=== Exercise instructions ===
Quote the listing in full, exactly as given, minus any pictures.

=== Data ===
------
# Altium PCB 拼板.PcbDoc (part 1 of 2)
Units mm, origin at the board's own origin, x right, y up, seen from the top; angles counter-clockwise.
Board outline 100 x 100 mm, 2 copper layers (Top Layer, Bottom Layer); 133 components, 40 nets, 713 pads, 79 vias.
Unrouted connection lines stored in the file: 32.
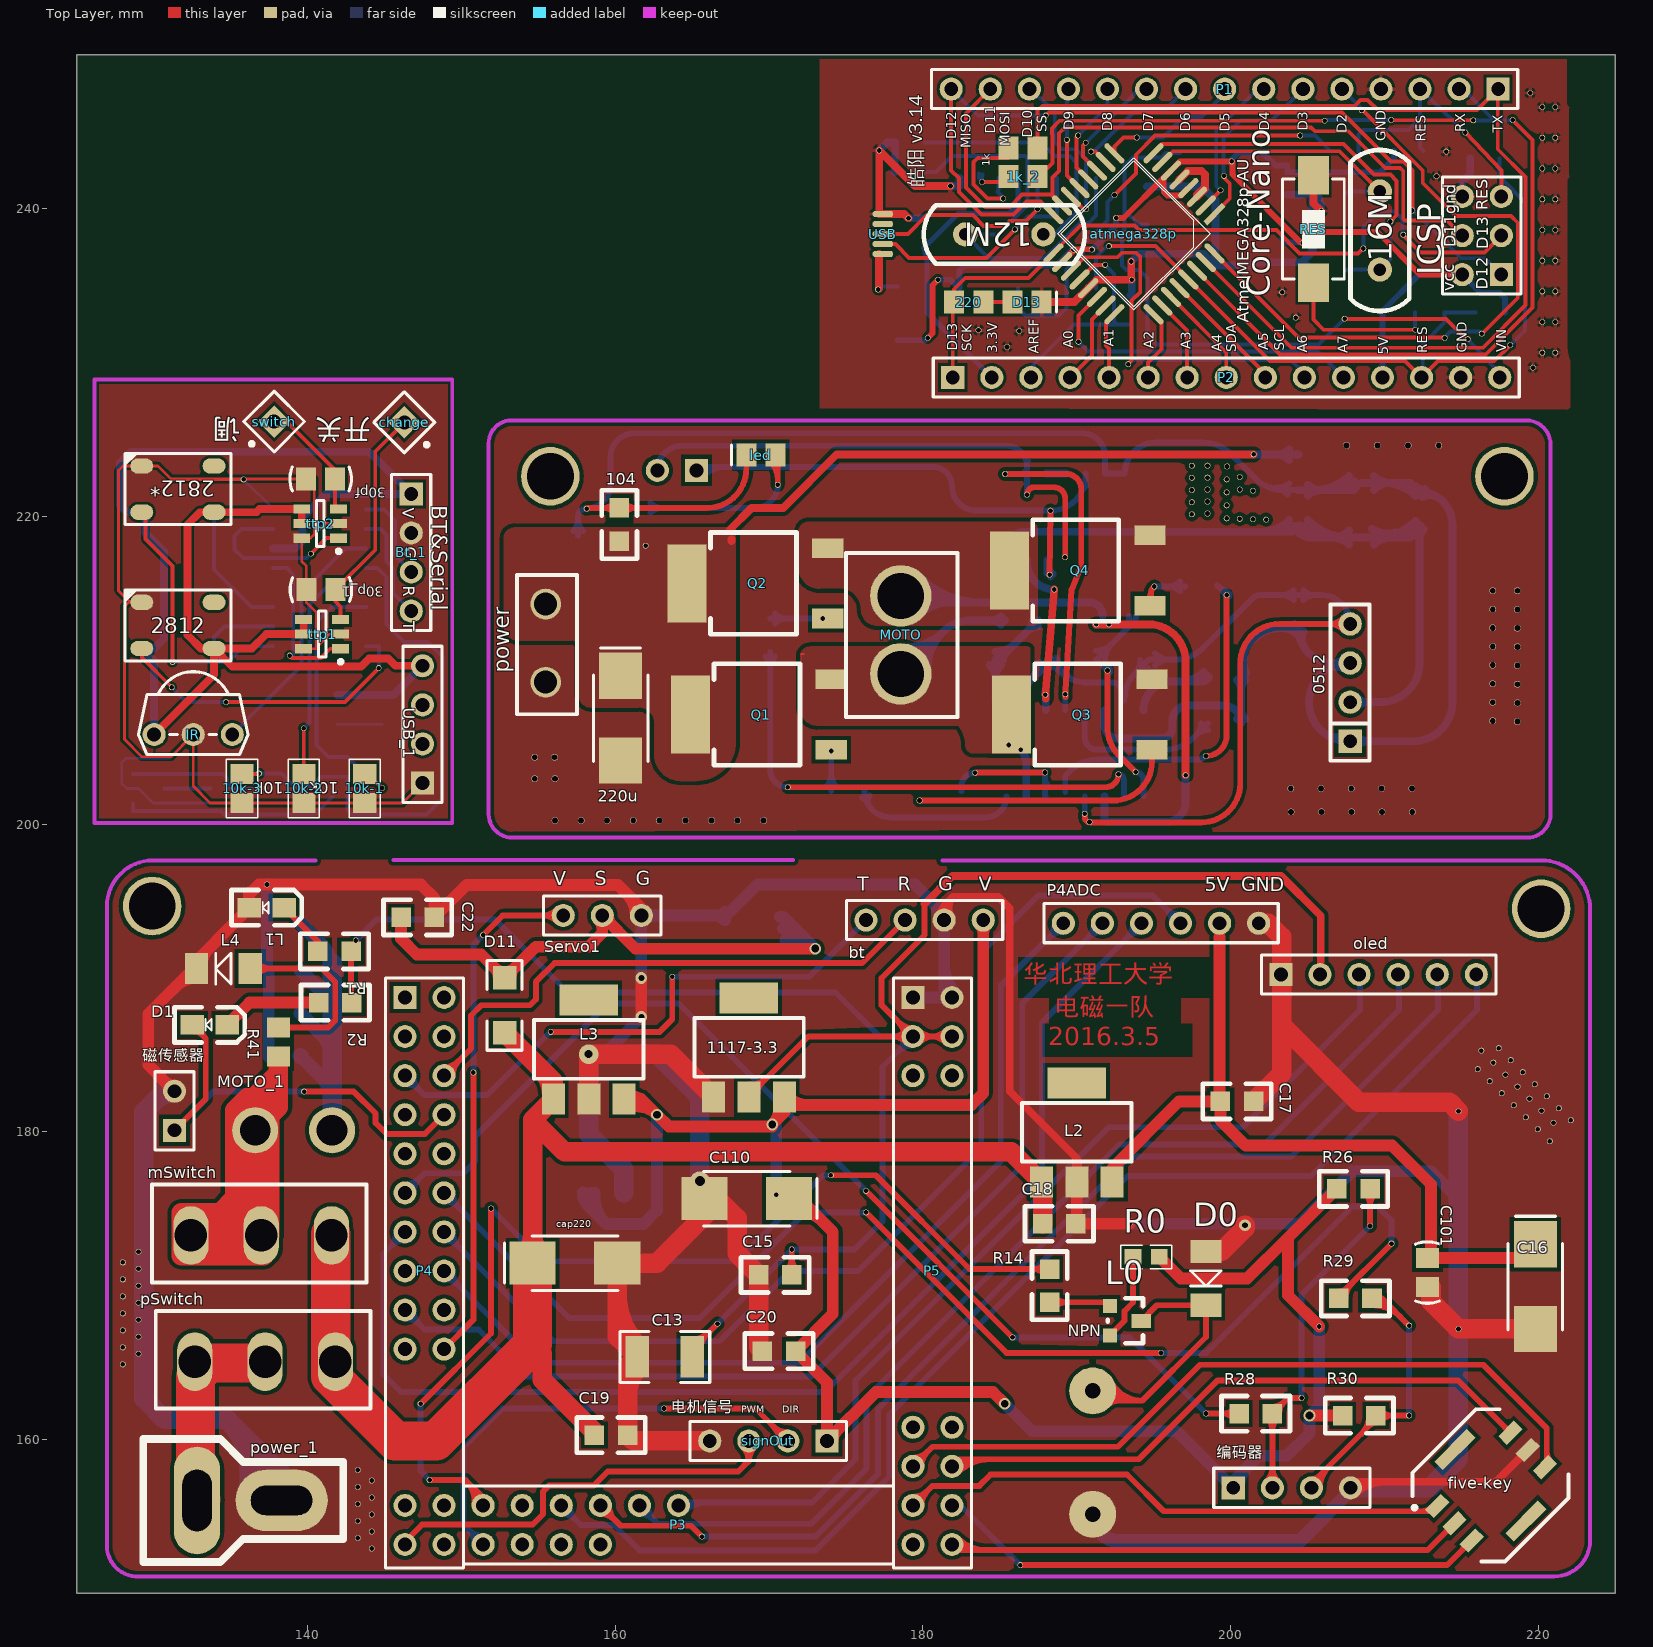
[diagram p0: Top Layer view]
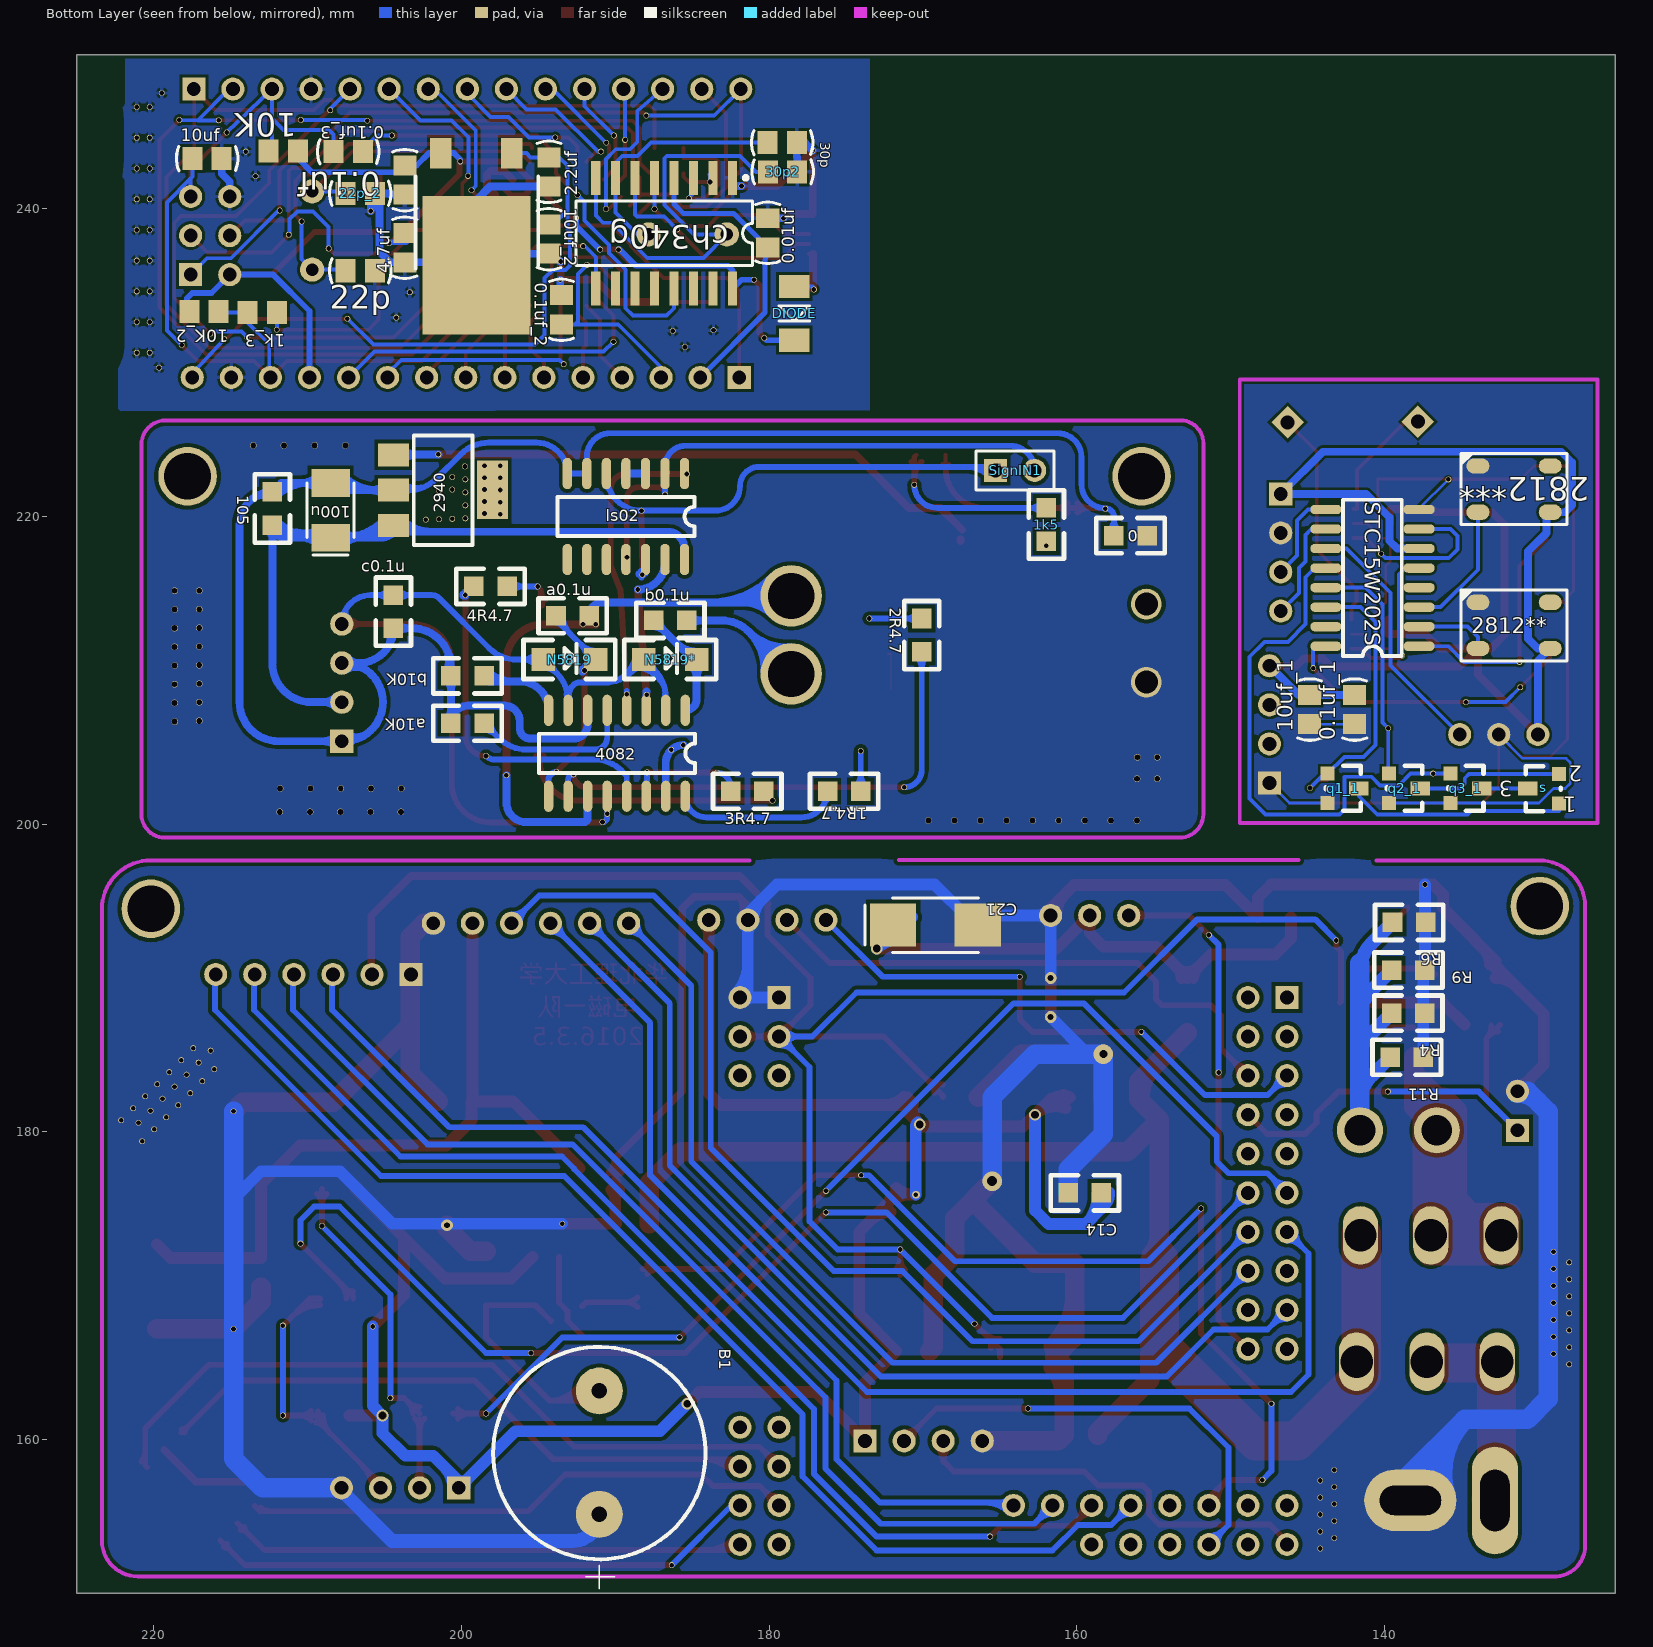
[diagram p1: Bottom Layer view, seen from below]

## Layer stack, top to bottom
Top Layer: signal copper 0.0356
Dielectric: dielectric 0.32, FR-4, Dk 4.8
Bottom Layer: signal copper 0.0356

## Board outline
125,250 225,250 225,150 125,150

## Design rules (kind name [scope] priority, off if disabled: settings)
Clearance [All] p1: gap=0.178
ComponentClearance [All] p1 off: gap=0.254 collisioncheckmode=3 verticalgap=0.254 showdistances=FALSE
PolygonConnect [All] p1: connectstyle=Relief reliefconductorwidth=0.254 reliefentries=4 polygonreliefangle="90 Angle"
RoutingVias [All] p1: holewidth=0.305 width=0.381 viastyle="Through Hole" minholewidth=0.305 minwidth=0.381 maxholewidth=0.305 maxwidth=0.381
SilkscreenOverComponentPads [All] p1: minsilkscreentomaskgap=0.254
SolderMaskExpansion [All] p1: expansion=0.102
Width Width_3 [InNet('3.3V')] p1: maxlimit=0.33 minlimit=0.33 preferedwidth=0.33
Width Width_2 [InNet('VCC')] p2: maxlimit=0.508 minlimit=0.381 preferedwidth=0.381
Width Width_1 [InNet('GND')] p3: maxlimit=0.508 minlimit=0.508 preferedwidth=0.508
------
=== Answer for the task ===
# Altium PCB 拼板.PcbDoc (part 1 of 2)
Units mm, origin at the board's own origin, x right, y up, seen from the top; angles counter-clockwise.
Board outline 100 x 100 mm, 2 copper layers (Top Layer, Bottom Layer); 133 components, 40 nets, 713 pads, 79 vias.
Unrouted connection lines stored in the file: 32.
[diagram p0: Top Layer view]
[diagram p1: Bottom Layer view, seen from below]

## Layer stack, top to bottom
Top Layer: signal copper 0.0356
Dielectric: dielectric 0.32, FR-4, Dk 4.8
Bottom Layer: signal copper 0.0356

## Board outline
125,250 225,250 225,150 125,150

## Design rules (kind name [scope] priority, off if disabled: settings)
Clearance [All] p1: gap=0.178
ComponentClearance [All] p1 off: gap=0.254 collisioncheckmode=3 verticalgap=0.254 showdistances=FALSE
PolygonConnect [All] p1: connectstyle=Relief reliefconductorwidth=0.254 reliefentries=4 polygonreliefangle="90 Angle"
RoutingVias [All] p1: holewidth=0.305 width=0.381 viastyle="Through Hole" minholewidth=0.305 minwidth=0.381 maxholewidth=0.305 maxwidth=0.381
SilkscreenOverComponentPads [All] p1: minsilkscreentomaskgap=0.254
SolderMaskExpansion [All] p1: expansion=0.102
Width Width_3 [InNet('3.3V')] p1: maxlimit=0.33 minlimit=0.33 preferedwidth=0.33
Width Width_2 [InNet('VCC')] p2: maxlimit=0.508 minlimit=0.381 preferedwidth=0.381
Width Width_1 [InNet('GND')] p3: maxlimit=0.508 minlimit=0.508 preferedwidth=0.508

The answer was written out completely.